Norway reviews GPFG strategy

One of the most famous attractions in Norway, Pulpit Rock.

Norway’s giant Government Pension Fund Global may expand its asset allocation outside the current limitations of listed equity, fixed income and real estate. The Ministry of Finance is reviewing GPFG’s investment strategy while the state also conducts a study of the fund’s institutional peers to compare their progress on environmental, social and governance (ESG) integration with the work of GPFG’s asset manager, Norges Bank Investment Management (NBIM).

The study on ESG integration is being conducted by London-based consultancy Inflection Point Capital Management and is due in October. Meanwhile, the ministry’s strategy review of the NOK7.7 trillion ($990 billion) GPFG will include looking into whether the fund should invest in more diversifying assets, namely unlisted equity, and increase its ability to take on risk away from the governing benchmarks, expanding its narrow tracking error.

As of June 2017, the fund’s asset allocation was split between equity (65.1 per cent) fixed income (32.4 per cent) and unlisted real estate (2.5 per cent). The fund returned 2.6 per cent in the second quarter of 2017.

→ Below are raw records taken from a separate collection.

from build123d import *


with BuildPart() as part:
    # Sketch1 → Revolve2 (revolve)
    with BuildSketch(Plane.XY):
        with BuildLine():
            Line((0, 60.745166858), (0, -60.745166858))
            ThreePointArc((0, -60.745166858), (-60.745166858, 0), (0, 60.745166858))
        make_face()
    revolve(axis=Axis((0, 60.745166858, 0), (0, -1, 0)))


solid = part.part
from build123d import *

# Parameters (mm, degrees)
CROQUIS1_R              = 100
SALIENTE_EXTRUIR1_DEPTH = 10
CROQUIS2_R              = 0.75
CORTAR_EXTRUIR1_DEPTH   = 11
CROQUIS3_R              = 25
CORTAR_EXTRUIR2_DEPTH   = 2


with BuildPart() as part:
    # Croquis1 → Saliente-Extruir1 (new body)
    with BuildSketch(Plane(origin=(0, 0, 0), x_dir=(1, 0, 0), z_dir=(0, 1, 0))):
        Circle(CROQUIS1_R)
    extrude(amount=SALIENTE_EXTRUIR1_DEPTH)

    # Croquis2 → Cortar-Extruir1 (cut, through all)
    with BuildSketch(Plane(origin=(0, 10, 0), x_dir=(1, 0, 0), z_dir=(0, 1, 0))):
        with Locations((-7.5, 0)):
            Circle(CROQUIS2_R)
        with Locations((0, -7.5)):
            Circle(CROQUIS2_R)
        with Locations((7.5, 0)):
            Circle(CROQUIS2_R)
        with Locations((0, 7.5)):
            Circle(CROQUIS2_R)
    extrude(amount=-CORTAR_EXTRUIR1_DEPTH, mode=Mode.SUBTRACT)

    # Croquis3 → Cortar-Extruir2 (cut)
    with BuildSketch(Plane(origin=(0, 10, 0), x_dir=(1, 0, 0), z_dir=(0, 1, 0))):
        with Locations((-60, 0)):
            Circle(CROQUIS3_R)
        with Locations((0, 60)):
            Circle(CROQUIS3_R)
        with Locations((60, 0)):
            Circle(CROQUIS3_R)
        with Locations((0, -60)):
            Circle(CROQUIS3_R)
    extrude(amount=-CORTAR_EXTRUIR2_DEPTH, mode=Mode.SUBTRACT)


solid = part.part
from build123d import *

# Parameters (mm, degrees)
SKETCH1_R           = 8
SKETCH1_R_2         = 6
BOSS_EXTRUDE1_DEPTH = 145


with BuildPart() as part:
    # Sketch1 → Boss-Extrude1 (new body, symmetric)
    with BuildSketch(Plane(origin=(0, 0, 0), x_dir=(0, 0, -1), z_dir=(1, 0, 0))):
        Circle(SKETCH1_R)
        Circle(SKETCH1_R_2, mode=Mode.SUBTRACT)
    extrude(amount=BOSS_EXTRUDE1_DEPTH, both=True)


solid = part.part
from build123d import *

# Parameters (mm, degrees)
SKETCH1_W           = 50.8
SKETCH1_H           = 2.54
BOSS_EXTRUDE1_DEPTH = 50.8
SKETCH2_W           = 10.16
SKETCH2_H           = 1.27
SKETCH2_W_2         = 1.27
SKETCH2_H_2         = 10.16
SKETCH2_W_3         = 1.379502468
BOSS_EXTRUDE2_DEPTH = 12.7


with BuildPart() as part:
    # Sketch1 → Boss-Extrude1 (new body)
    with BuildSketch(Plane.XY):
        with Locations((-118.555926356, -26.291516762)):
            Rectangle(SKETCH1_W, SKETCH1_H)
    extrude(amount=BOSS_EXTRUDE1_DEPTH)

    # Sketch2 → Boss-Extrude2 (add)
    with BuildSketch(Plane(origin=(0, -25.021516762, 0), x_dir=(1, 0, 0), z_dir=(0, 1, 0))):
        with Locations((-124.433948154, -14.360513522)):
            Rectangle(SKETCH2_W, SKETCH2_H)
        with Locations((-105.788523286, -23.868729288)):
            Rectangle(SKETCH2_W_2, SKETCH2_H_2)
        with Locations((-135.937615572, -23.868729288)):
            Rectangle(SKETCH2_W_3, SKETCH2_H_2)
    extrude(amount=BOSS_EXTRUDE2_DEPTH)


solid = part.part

The review and study are linked, since any adjustment to investment strategy could greatly influence the fund’s ability to beef up its ESG remit, which is mostly focused on active equity ownership of the 9000 listed companies in which it invests. The fund emphasises voting at shareholder meetings, engagement and exclusion; it prioritises climate change, water and children’s rights. For transparency, every investment the fund makes is detailed online.

The review will examine the broader responsible investment landscape and what that could look like in years to come.

“The Ministry of Finance conducts broad reviews of Norges Bank’s management of the GPFG at the start of each parliamentary period,” a ministry spokesperson said. “The current review is in line with this practice. The review and the ministry’s assessments, including the tracking error limit, will be presented in a white paper to Parliament in the spring of 2018.”

Because the review is for the ministry, its authors have a chance to persuade NBIM’s lord and master to expand the giant fund’s strategy. The strategic tension between the ministry and NBIM is well known, since the ministry mandates the limits on NBIM’s investment strategy.

GPFG versus its peers

The study will compare ESG progress at NBIM to that of all asset owners, not just sovereign funds. Leaders that could inspire real change at GPFG include Sweden’s AP funds, which are working towards decarbonising their entire portfolios, and Dutch pension fund managers PGGM and APG Asset Management, which are working to align their investments with the sustainable development goals.

Taiwan’s $124 billion Bureau of Labor Funds, the supervisory body for the country’s labour pension funds, could also be influential. It has just awarded its first-ever foreign ESG mandate, a passive measure worth $2.4 billion.

GPFG has gone further with ESG principles than some of its sovereign wealth fund peers. For example, the Kuwait Investment Authority and Qatar Investment Authority are not galvanised into action by an ESG-minded public and face the same conflict as Norway in terms of needing to balance a hydrocarbon economy with an environmental agenda. However, GPFG has done less than leaders such as New Zealand Super, which is using its current chairmanship of the International Forum of Sovereign Wealth Funds (IFSWF) to push sustainability and has just moved its entire NZ$14 billion ($10.1 billion) global passive equities portfolio to low carbon.

Tracking error under scrutiny

One of the biggest restraints on ESG integration at GPFG is a tight 125 basis point, or 1.25 percentage point, tracking error. Returns are measured against a benchmark from the Ministry of Finance, which serves as a general limit for market and currency risk in the management of the fund. The benchmark comprises an equity index based on FTSE Group’s Global All Cap stock index and a bond index based on various indices from Bloomberg Barclays Indices.

ESG proponents argue that investors need to make sizeable bets, rather than just tweak an underlying index; a small nudge on a benchmark weighting doesn’t show much conviction. Also, for GPFG, entire asset classes are still off limits, making good ESG ideas around asset allocation and fund design difficult to realise. NBIM is allowed to invest the fund in unlisted companies that intend to seek a listing but, unlike peers such as Singapore’s GIC and the Abu Dhabi Investment Authority, GPFG has never been allowed to venture into private equity.

“In 2011, the ministry considered unlisted equity investments in the GPFG in the white paper to Parliament,” the ministry spokesperson said. “Although it decided not to open up for such investments, it did pledge to revisit the topic based on the experience with unlisted real estate and possible developments in unlisted markets and new research. The ministry has announced that it aims to present a new assessment of investments in unlisted equity in the white paper to Parliament in the spring of 2018. The assessment will be based on expected risk and return, and whether Norges Bank can be expected to obtain comparative advantages within such investments.”

The Ministry of Finance only gave a green light for the fund to invest in real estate in 2010. Three years later, it broadened this to include Asia and the US.